ADSORCIÓN ANÓMALA DE DIMETIL DISULFURO (CH3S-SCH3) SOBRE Au(111): TRANSFORMACIÓN DE LA SUPERFICIE EN EL TIEMPO

DANIELA KARINA JACQUELIN; F. P. COMETTO, G. ZAMPIERI, H. ASCOLANI, P. PAREDES O., E. M. PATRITO, V.A. MACAGNO

Salta, Argentina

Congreso; XVI Congreso Argentino de Fisicoquímica y Química Inorgánica.; 2009

Asociación Argentina de Investigación Fisicoquímica-aaiFQ

We investigated the formation and stability of layers of methylthiolate prepared on the Au(111) surface by the method of immersion in an ethanolic solution of dimethyl disulfide (DMDS). The surface species were characterized by electrochemical reductive desorption and high-resolution photoelectron spectroscopy. Both techniques confirmed the formation of a methylthiolate monolayer at short immersion times (around 1 min). As the immersion time increased, the electrochemical experiments showed the disappearance of themethylthiolate reductive desorption current peak and the appearance of a current peak at ca. -0.9 V which was attributed to sulfur species.

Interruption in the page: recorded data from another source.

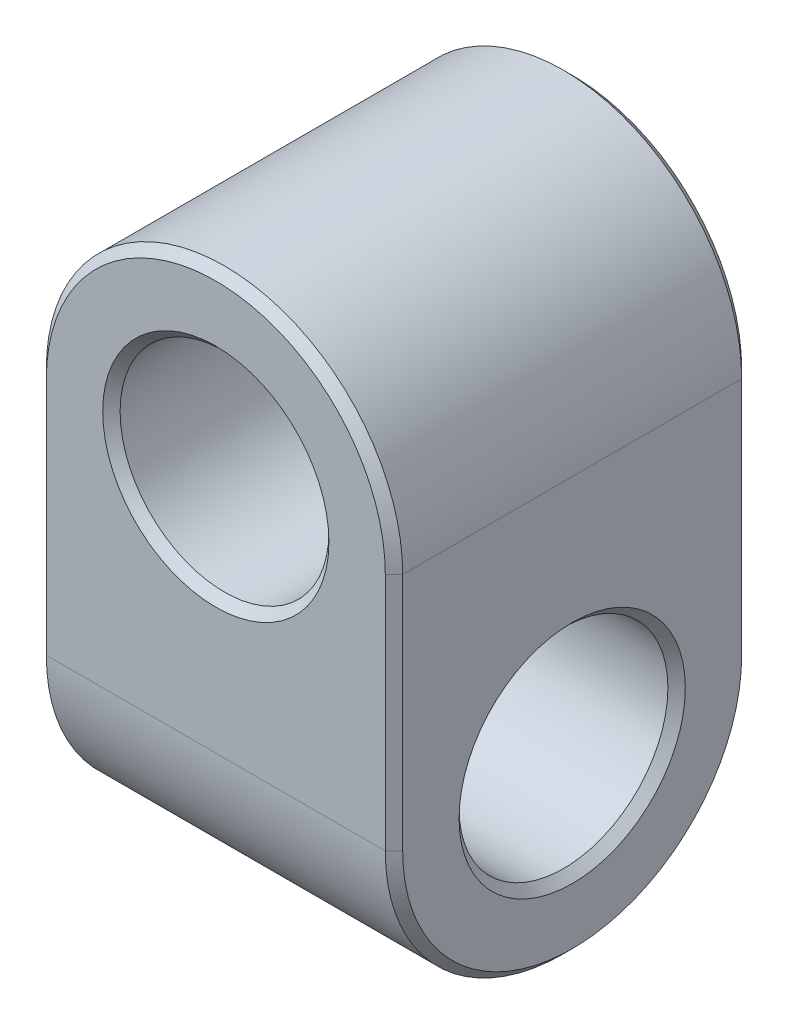
ISO-10303-21;
HEADER;
FILE_DESCRIPTION(('STEP AP214'),'2;1');
FILE_NAME('part.step','',(''),(''),'','','');
FILE_SCHEMA(('AUTOMOTIVE_DESIGN { 1 0 10303 214 1 1 1 1 }'));
ENDSEC;
DATA;
#1=APPLICATION_CONTEXT('core data for automotive mechanical design processes');
#2=APPLICATION_PROTOCOL_DEFINITION('international standard','automotive_design',2000,#1);
#3=PRODUCT_CONTEXT('',#1,'mechanical');
#4=PRODUCT('Part','Part','',(#3));
#5=PRODUCT_RELATED_PRODUCT_CATEGORY('part','',(#4));
#6=PRODUCT_DEFINITION_FORMATION('','',#4);
#7=PRODUCT_DEFINITION_CONTEXT('part definition',#1,'design');
#8=PRODUCT_DEFINITION('design','',#6,#7);
#9=PRODUCT_DEFINITION_SHAPE('','',#8);
#10=(LENGTH_UNIT() NAMED_UNIT(*) SI_UNIT(.MILLI.,.METRE.));
#11=(NAMED_UNIT(*) PLANE_ANGLE_UNIT() SI_UNIT($,.RADIAN.));
#12=(NAMED_UNIT(*) SI_UNIT($,.STERADIAN.) SOLID_ANGLE_UNIT());
#13=UNCERTAINTY_MEASURE_WITH_UNIT(LENGTH_MEASURE(1.E-05),#10,'distance_accuracy_value','');
#14=(GEOMETRIC_REPRESENTATION_CONTEXT(3) GLOBAL_UNCERTAINTY_ASSIGNED_CONTEXT((#13)) GLOBAL_UNIT_ASSIGNED_CONTEXT((#10,
#11,#12)) REPRESENTATION_CONTEXT('',''));
#15=CARTESIAN_POINT('',(0.,0.,0.));
#16=DIRECTION('',(0.,0.,1.));
#17=DIRECTION('',(1.,0.,0.));
#18=AXIS2_PLACEMENT_3D('',#15,#16,#17);
#19=CARTESIAN_POINT('',(8.128,9.525,16.256));
#20=DIRECTION('',(-1.,0.,0.));
#21=DIRECTION('',(0.,-1.,0.));
#22=AXIS2_PLACEMENT_3D('',#19,#20,#21);
#23=PLANE('',#22);
#24=CARTESIAN_POINT('',(8.128,-1.397,8.128));
#25=DIRECTION('',(-1.,0.,0.));
#26=DIRECTION('',(0.,-1.,0.));
#27=AXIS2_PLACEMENT_3D('',#24,#25,#26);
#28=CIRCLE('',#27,5.15937500000001);
#29=CARTESIAN_POINT('',(8.128,-6.55637500000001,8.128));
#30=VERTEX_POINT('',#29);
#31=EDGE_CURVE('E221',#30,#30,#28,.T.);
#32=ORIENTED_EDGE('',*,*,#31,.T.);
#33=EDGE_LOOP('',(#32));
#34=FACE_BOUND('',#33,.T.);
#35=CARTESIAN_POINT('',(8.128,-1.397,8.128));
#36=DIRECTION('',(-1.,0.,0.));
#37=DIRECTION('',(0.,-1.,0.));
#38=AXIS2_PLACEMENT_3D('',#35,#36,#37);
#39=CIRCLE('',#38,7.731125);
#40=CARTESIAN_POINT('',(8.128,-1.397,15.859125));
#41=VERTEX_POINT('',#40);
#42=CARTESIAN_POINT('',(8.128,-1.397,0.396875000000005));
#43=VERTEX_POINT('',#42);
#44=EDGE_CURVE('E217',#41,#43,#39,.F.);
#45=ORIENTED_EDGE('',*,*,#44,.T.);
#46=DIRECTION('',(0.,1.,0.));
#47=VECTOR('',#46,1.);
#48=CARTESIAN_POINT('',(8.128,9.525,0.396875000000005));
#49=LINE('',#48,#47);
#50=CARTESIAN_POINT('',(8.128,9.525,0.396875000000005));
#51=VERTEX_POINT('',#50);
#52=EDGE_CURVE('E219',#43,#51,#49,.T.);
#53=ORIENTED_EDGE('',*,*,#52,.T.);
#54=DIRECTION('',(0.,0.,-1.));
#55=VECTOR('',#54,1.);
#56=CARTESIAN_POINT('',(8.128,9.525,16.256));
#57=LINE('',#56,#55);
#58=CARTESIAN_POINT('',(8.128,9.525,15.859125));
#59=VERTEX_POINT('',#58);
#60=EDGE_CURVE('E151',#59,#51,#57,.T.);
#61=ORIENTED_EDGE('',*,*,#60,.F.);
#62=DIRECTION('',(0.,-1.,0.));
#63=VECTOR('',#62,1.);
#64=CARTESIAN_POINT('',(8.128,9.525,15.859125));
#65=LINE('',#64,#63);
#66=EDGE_CURVE('E215',#59,#41,#65,.T.);
#67=ORIENTED_EDGE('',*,*,#66,.T.);
#68=EDGE_LOOP('',(#45,#53,#61,#67));
#69=FACE_BOUND('',#68,.T.);
#70=ADVANCED_FACE('F61',(#34,#69),#23,.F.);
#71=CARTESIAN_POINT('',(-8.128,9.525,16.256));
#72=DIRECTION('',(1.,0.,0.));
#73=DIRECTION('',(0.,1.,0.));
#74=AXIS2_PLACEMENT_3D('',#71,#72,#73);
#75=PLANE('',#74);
#76=CARTESIAN_POINT('',(-8.128,-1.397,8.128));
#77=DIRECTION('',(1.,0.,0.));
#78=DIRECTION('',(0.,1.,0.));
#79=AXIS2_PLACEMENT_3D('',#76,#77,#78);
#80=CIRCLE('',#79,5.15937500000001);
#81=CARTESIAN_POINT('',(-8.128,3.76237500000001,8.128));
#82=VERTEX_POINT('',#81);
#83=EDGE_CURVE('E201',#82,#82,#80,.T.);
#84=ORIENTED_EDGE('',*,*,#83,.T.);
#85=EDGE_LOOP('',(#84));
#86=FACE_BOUND('',#85,.T.);
#87=DIRECTION('',(0.,0.,-1.));
#88=VECTOR('',#87,1.);
#89=CARTESIAN_POINT('',(-8.128,9.525,16.256));
#90=LINE('',#89,#88);
#91=CARTESIAN_POINT('',(-8.128,9.525,15.859125));
#92=VERTEX_POINT('',#91);
#93=CARTESIAN_POINT('',(-8.128,9.525,0.396875000000005));
#94=VERTEX_POINT('',#93);
#95=EDGE_CURVE('E134',#92,#94,#90,.T.);
#96=ORIENTED_EDGE('',*,*,#95,.T.);
#97=DIRECTION('',(0.,-1.,0.));
#98=VECTOR('',#97,1.);
#99=CARTESIAN_POINT('',(-8.128,-1.397,0.396875000000005));
#100=LINE('',#99,#98);
#101=CARTESIAN_POINT('',(-8.128,-1.397,0.396875000000005));
#102=VERTEX_POINT('',#101);
#103=EDGE_CURVE('E199',#94,#102,#100,.T.);
#104=ORIENTED_EDGE('',*,*,#103,.T.);
#105=CARTESIAN_POINT('',(-8.128,-1.397,8.128));
#106=DIRECTION('',(1.,0.,0.));
#107=DIRECTION('',(0.,1.,0.));
#108=AXIS2_PLACEMENT_3D('',#105,#106,#107);
#109=CIRCLE('',#108,7.731125);
#110=CARTESIAN_POINT('',(-8.128,-1.397,15.859125));
#111=VERTEX_POINT('',#110);
#112=EDGE_CURVE('E136',#102,#111,#109,.F.);
#113=ORIENTED_EDGE('',*,*,#112,.T.);
#114=DIRECTION('',(0.,1.,0.));
#115=VECTOR('',#114,1.);
#116=CARTESIAN_POINT('',(-8.128,9.525,15.859125));
#117=LINE('',#116,#115);
#118=EDGE_CURVE('E130',#111,#92,#117,.T.);
#119=ORIENTED_EDGE('',*,*,#118,.T.);
#120=EDGE_LOOP('',(#96,#104,#113,#119));
#121=FACE_BOUND('',#120,.T.);
#122=ADVANCED_FACE('F132',(#86,#121),#75,.F.);
#123=CARTESIAN_POINT('',(0.,9.525,0.));
#124=DIRECTION('',(0.,0.,-1.));
#125=DIRECTION('',(-1.,0.,0.));
#126=AXIS2_PLACEMENT_3D('',#123,#124,#125);
#127=PLANE('',#126);
#128=CARTESIAN_POINT('',(0.,9.525,0.));
#129=DIRECTION('',(0.,0.,1.));
#130=DIRECTION('',(1.,0.,0.));
#131=AXIS2_PLACEMENT_3D('',#128,#129,#130);
#132=CIRCLE('',#131,4.7625);
#133=CARTESIAN_POINT('',(4.7625,9.525,0.));
#134=VERTEX_POINT('',#133);
#135=EDGE_CURVE('E152',#134,#134,#132,.T.);
#136=ORIENTED_EDGE('',*,*,#135,.T.);
#137=EDGE_LOOP('',(#136));
#138=FACE_BOUND('',#137,.T.);
#139=DIRECTION('',(1.,0.,0.));
#140=VECTOR('',#139,1.);
#141=CARTESIAN_POINT('',(-21.5983841816037,-1.397,0.));
#142=LINE('',#141,#140);
#143=CARTESIAN_POINT('',(-7.731125,-1.397,0.));
#144=VERTEX_POINT('',#143);
#145=CARTESIAN_POINT('',(7.731125,-1.397,0.));
#146=VERTEX_POINT('',#145);
#147=EDGE_CURVE('E177',#144,#146,#142,.T.);
#148=ORIENTED_EDGE('',*,*,#147,.F.);
#149=DIRECTION('',(0.,1.,0.));
#150=VECTOR('',#149,1.);
#151=CARTESIAN_POINT('',(-7.731125,9.525,0.));
#152=LINE('',#151,#150);
#153=CARTESIAN_POINT('',(-7.731125,9.525,0.));
#154=VERTEX_POINT('',#153);
#155=EDGE_CURVE('E163',#144,#154,#152,.T.);
#156=ORIENTED_EDGE('',*,*,#155,.T.);
#157=CARTESIAN_POINT('',(0.,9.525,0.));
#158=DIRECTION('',(0.,0.,-1.));
#159=DIRECTION('',(-1.,0.,0.));
#160=AXIS2_PLACEMENT_3D('',#157,#158,#159);
#161=CIRCLE('',#160,7.731125);
#162=CARTESIAN_POINT('',(7.731125,9.525,0.));
#163=VERTEX_POINT('',#162);
#164=EDGE_CURVE('E86',#154,#163,#161,.T.);
#165=ORIENTED_EDGE('',*,*,#164,.T.);
#166=DIRECTION('',(0.,-1.,0.));
#167=VECTOR('',#166,1.);
#168=CARTESIAN_POINT('',(7.731125,-1.397,0.));
#169=LINE('',#168,#167);
#170=EDGE_CURVE('E224',#163,#146,#169,.T.);
#171=ORIENTED_EDGE('',*,*,#170,.T.);
#172=EDGE_LOOP('',(#148,#156,#165,#171));
#173=FACE_BOUND('',#172,.T.);
#174=ADVANCED_FACE('F238',(#138,#173),#127,.T.);
#175=CARTESIAN_POINT('',(0.,9.525,16.256));
#176=DIRECTION('',(0.,0.,-1.));
#177=DIRECTION('',(-1.,0.,0.));
#178=AXIS2_PLACEMENT_3D('',#175,#176,#177);
#179=PLANE('',#178);
#180=CARTESIAN_POINT('',(0.,9.525,16.256));
#181=DIRECTION('',(0.,0.,-1.));
#182=DIRECTION('',(-1.,0.,0.));
#183=AXIS2_PLACEMENT_3D('',#180,#181,#182);
#184=CIRCLE('',#183,5.159375);
#185=CARTESIAN_POINT('',(-5.15937500000001,9.525,16.256));
#186=VERTEX_POINT('',#185);
#187=EDGE_CURVE('E212',#186,#186,#184,.T.);
#188=ORIENTED_EDGE('',*,*,#187,.T.);
#189=EDGE_LOOP('',(#188));
#190=FACE_BOUND('',#189,.T.);
#191=CARTESIAN_POINT('',(0.,9.525,16.256));
#192=DIRECTION('',(0.,0.,-1.));
#193=DIRECTION('',(-1.,0.,0.));
#194=AXIS2_PLACEMENT_3D('',#191,#192,#193);
#195=CIRCLE('',#194,7.731125);
#196=CARTESIAN_POINT('',(7.731125,9.525,16.256));
#197=VERTEX_POINT('',#196);
#198=CARTESIAN_POINT('',(-7.731125,9.525,16.256));
#199=VERTEX_POINT('',#198);
#200=EDGE_CURVE('E209',#197,#199,#195,.F.);
#201=ORIENTED_EDGE('',*,*,#200,.T.);
#202=DIRECTION('',(0.,-1.,0.));
#203=VECTOR('',#202,1.);
#204=CARTESIAN_POINT('',(-7.731125,9.525,16.256));
#205=LINE('',#204,#203);
#206=CARTESIAN_POINT('',(-7.731125,-1.397,16.256));
#207=VERTEX_POINT('',#206);
#208=EDGE_CURVE('E166',#199,#207,#205,.T.);
#209=ORIENTED_EDGE('',*,*,#208,.T.);
#210=DIRECTION('',(1.,0.,0.));
#211=VECTOR('',#210,1.);
#212=CARTESIAN_POINT('',(-21.5983841816037,-1.397,16.256));
#213=LINE('',#212,#211);
#214=CARTESIAN_POINT('',(7.731125,-1.397,16.256));
#215=VERTEX_POINT('',#214);
#216=EDGE_CURVE('E183',#207,#215,#213,.T.);
#217=ORIENTED_EDGE('',*,*,#216,.T.);
#218=DIRECTION('',(0.,1.,0.));
#219=VECTOR('',#218,1.);
#220=CARTESIAN_POINT('',(7.731125,9.525,16.256));
#221=LINE('',#220,#219);
#222=EDGE_CURVE('E207',#215,#197,#221,.T.);
#223=ORIENTED_EDGE('',*,*,#222,.T.);
#224=EDGE_LOOP('',(#201,#209,#217,#223));
#225=FACE_BOUND('',#224,.T.);
#226=ADVANCED_FACE('F301',(#190,#225),#179,.F.);
#227=CARTESIAN_POINT('',(0.,9.525,16.256));
#228=DIRECTION('',(0.,0.,-1.));
#229=DIRECTION('',(-1.,0.,0.));
#230=AXIS2_PLACEMENT_3D('',#227,#228,#229);
#231=CYLINDRICAL_SURFACE('',#230,8.128);
#232=ORIENTED_EDGE('',*,*,#60,.T.);
#233=CARTESIAN_POINT('',(0.,9.525,0.396875000000005));
#234=DIRECTION('',(0.,0.,-1.));
#235=DIRECTION('',(-1.,0.,0.));
#236=AXIS2_PLACEMENT_3D('',#233,#234,#235);
#237=CIRCLE('',#236,8.128);
#238=EDGE_CURVE('E150',#51,#94,#237,.F.);
#239=ORIENTED_EDGE('',*,*,#238,.T.);
#240=ORIENTED_EDGE('',*,*,#95,.F.);
#241=CARTESIAN_POINT('',(0.,9.525,15.859125));
#242=DIRECTION('',(0.,0.,-1.));
#243=DIRECTION('',(-1.,0.,0.));
#244=AXIS2_PLACEMENT_3D('',#241,#242,#243);
#245=CIRCLE('',#244,8.128);
#246=EDGE_CURVE('E147',#92,#59,#245,.T.);
#247=ORIENTED_EDGE('',*,*,#246,.T.);
#248=EDGE_LOOP('',(#232,#239,#240,#247));
#249=FACE_BOUND('',#248,.T.);
#250=ADVANCED_FACE('F146',(#249),#231,.T.);
#251=CARTESIAN_POINT('',(0.,9.525,16.256));
#252=DIRECTION('',(0.,0.,-1.));
#253=DIRECTION('',(-1.,0.,0.));
#254=AXIS2_PLACEMENT_3D('',#251,#252,#253);
#255=CYLINDRICAL_SURFACE('',#254,4.7625);
#256=CARTESIAN_POINT('',(0.,9.525,15.859125));
#257=DIRECTION('',(0.,0.,-1.));
#258=DIRECTION('',(-1.,0.,0.));
#259=AXIS2_PLACEMENT_3D('',#256,#257,#258);
#260=CIRCLE('',#259,4.7625);
#261=CARTESIAN_POINT('',(-4.7625,9.525,15.859125));
#262=VERTEX_POINT('',#261);
#263=EDGE_CURVE('E204',#262,#262,#260,.F.);
#264=ORIENTED_EDGE('',*,*,#263,.T.);
#265=EDGE_LOOP('',(#264));
#266=FACE_BOUND('',#265,.T.);
#267=ORIENTED_EDGE('',*,*,#135,.F.);
#268=EDGE_LOOP('',(#267));
#269=FACE_BOUND('',#268,.T.);
#270=ADVANCED_FACE('F295',(#266,#269),#255,.F.);
#271=CARTESIAN_POINT('',(-21.5983841816037,-1.397,8.128));
#272=DIRECTION('',(1.,0.,0.));
#273=DIRECTION('',(0.,1.,0.));
#274=AXIS2_PLACEMENT_3D('',#271,#272,#273);
#275=CYLINDRICAL_SURFACE('',#274,8.128);
#276=ORIENTED_EDGE('',*,*,#216,.F.);
#277=CARTESIAN_POINT('',(-7.731125,-1.397,8.128));
#278=DIRECTION('',(1.,0.,0.));
#279=DIRECTION('',(0.,0.,-1.));
#280=AXIS2_PLACEMENT_3D('',#277,#278,#279);
#281=CIRCLE('',#280,8.128);
#282=EDGE_CURVE('E12',#207,#144,#281,.T.);
#283=ORIENTED_EDGE('',*,*,#282,.T.);
#284=ORIENTED_EDGE('',*,*,#147,.T.);
#285=CARTESIAN_POINT('',(7.731125,-1.397,8.128));
#286=DIRECTION('',(-1.,0.,0.));
#287=DIRECTION('',(0.,0.,1.));
#288=AXIS2_PLACEMENT_3D('',#285,#286,#287);
#289=CIRCLE('',#288,8.128);
#290=EDGE_CURVE('E71',#146,#215,#289,.T.);
#291=ORIENTED_EDGE('',*,*,#290,.T.);
#292=EDGE_LOOP('',(#276,#283,#284,#291));
#293=FACE_BOUND('',#292,.T.);
#294=ADVANCED_FACE('F237',(#293),#275,.T.);
#295=CARTESIAN_POINT('',(-21.5983841816037,-1.397,8.128));
#296=DIRECTION('',(1.,0.,0.));
#297=DIRECTION('',(0.,1.,0.));
#298=AXIS2_PLACEMENT_3D('',#295,#296,#297);
#299=CYLINDRICAL_SURFACE('',#298,4.7625);
#300=CARTESIAN_POINT('',(-7.73112499999999,-1.397,8.128));
#301=DIRECTION('',(1.,0.,0.));
#302=DIRECTION('',(0.,0.,-1.));
#303=AXIS2_PLACEMENT_3D('',#300,#301,#302);
#304=CIRCLE('',#303,4.7625);
#305=CARTESIAN_POINT('',(-7.73112499999999,-1.397,3.3655));
#306=VERTEX_POINT('',#305);
#307=EDGE_CURVE('E141',#306,#306,#304,.F.);
#308=ORIENTED_EDGE('',*,*,#307,.T.);
#309=EDGE_LOOP('',(#308));
#310=FACE_BOUND('',#309,.T.);
#311=CARTESIAN_POINT('',(7.731125,-1.397,8.128));
#312=DIRECTION('',(-1.,0.,0.));
#313=DIRECTION('',(0.,0.,1.));
#314=AXIS2_PLACEMENT_3D('',#311,#312,#313);
#315=CIRCLE('',#314,4.7625);
#316=CARTESIAN_POINT('',(7.731125,-1.397,12.8905));
#317=VERTEX_POINT('',#316);
#318=EDGE_CURVE('E193',#317,#317,#315,.F.);
#319=ORIENTED_EDGE('',*,*,#318,.T.);
#320=EDGE_LOOP('',(#319));
#321=FACE_BOUND('',#320,.T.);
#322=ADVANCED_FACE('F268',(#310,#321),#299,.F.);
#323=CARTESIAN_POINT('',(-7.73112499999999,-1.397,8.128));
#324=DIRECTION('',(-1.,0.,0.));
#325=DIRECTION('',(0.,0.,1.));
#326=AXIS2_PLACEMENT_3D('',#323,#324,#325);
#327=CONICAL_SURFACE('',#326,4.7625,0.78539816339745);
#328=ORIENTED_EDGE('',*,*,#83,.F.);
#329=EDGE_LOOP('',(#328));
#330=FACE_BOUND('',#329,.T.);
#331=ORIENTED_EDGE('',*,*,#307,.F.);
#332=EDGE_LOOP('',(#331));
#333=FACE_BOUND('',#332,.T.);
#334=ADVANCED_FACE('F261',(#330,#333),#327,.F.);
#335=CARTESIAN_POINT('',(0.,9.525,15.859125));
#336=DIRECTION('',(0.,0.,1.));
#337=DIRECTION('',(1.,0.,0.));
#338=AXIS2_PLACEMENT_3D('',#335,#336,#337);
#339=CONICAL_SURFACE('',#338,4.7625,0.785398163397447);
#340=ORIENTED_EDGE('',*,*,#187,.F.);
#341=EDGE_LOOP('',(#340));
#342=FACE_BOUND('',#341,.T.);
#343=ORIENTED_EDGE('',*,*,#263,.F.);
#344=EDGE_LOOP('',(#343));
#345=FACE_BOUND('',#344,.T.);
#346=ADVANCED_FACE('F267',(#342,#345),#339,.F.);
#347=CARTESIAN_POINT('',(7.731125,-1.397,8.128));
#348=DIRECTION('',(1.,0.,0.));
#349=DIRECTION('',(0.,0.,-1.));
#350=AXIS2_PLACEMENT_3D('',#347,#348,#349);
#351=CONICAL_SURFACE('',#350,4.7625,0.785398163397455);
#352=ORIENTED_EDGE('',*,*,#31,.F.);
#353=EDGE_LOOP('',(#352));
#354=FACE_BOUND('',#353,.T.);
#355=ORIENTED_EDGE('',*,*,#318,.F.);
#356=EDGE_LOOP('',(#355));
#357=FACE_BOUND('',#356,.T.);
#358=ADVANCED_FACE('F274',(#354,#357),#351,.F.);
#359=CARTESIAN_POINT('',(7.731125,9.525,16.256));
#360=DIRECTION('',(-0.707106781186551,0.,-0.707106781186544));
#361=DIRECTION('',(0.,1.,0.));
#362=AXIS2_PLACEMENT_3D('',#359,#360,#361);
#363=PLANE('',#362);
#364=DIRECTION('',(0.707106781186544,0.,-0.707106781186551));
#365=VECTOR('',#364,1.);
#366=CARTESIAN_POINT('',(7.731125,9.525,16.256));
#367=LINE('',#366,#365);
#368=EDGE_CURVE('E162',#197,#59,#367,.T.);
#369=ORIENTED_EDGE('',*,*,#368,.F.);
#370=ORIENTED_EDGE('',*,*,#222,.F.);
#371=DIRECTION('',(-0.707106781186544,0.,0.707106781186551));
#372=VECTOR('',#371,1.);
#373=CARTESIAN_POINT('',(8.128,-1.397,15.859125));
#374=LINE('',#373,#372);
#375=EDGE_CURVE('E66',#41,#215,#374,.T.);
#376=ORIENTED_EDGE('',*,*,#375,.F.);
#377=ORIENTED_EDGE('',*,*,#66,.F.);
#378=EDGE_LOOP('',(#369,#370,#376,#377));
#379=FACE_BOUND('',#378,.T.);
#380=ADVANCED_FACE('F64',(#379),#363,.F.);
#381=CARTESIAN_POINT('',(7.731125,-1.397,8.128));
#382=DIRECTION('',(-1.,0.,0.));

At long immersion times, the XPS measurements showed two main components for the S 2p signal: a component at ca. 161 eV which corresponds to atomic sulfur and a component at ca. 162 eV which we attributed to polysulfide species. We propose that the breakage of the S-C bond of methylthiolate is responsible for the appearance of sulfur species on the surface. Density functional theory(DFT) calculations were performed to identify the elementary steps that may lead to the decomposition of methylthiolate. We found that the cleavage of the S-C bond is only activated by the oxidative dehydrogenation of the methyl group of methylthiolate. Thio-oxymethylene, SCH2O, is the key intermediate leading to thebreakage of the S-C bond because it decomposes into atomic sulfur and formaldehyde with an activation energy barrier of only 1.1 kcal/mol.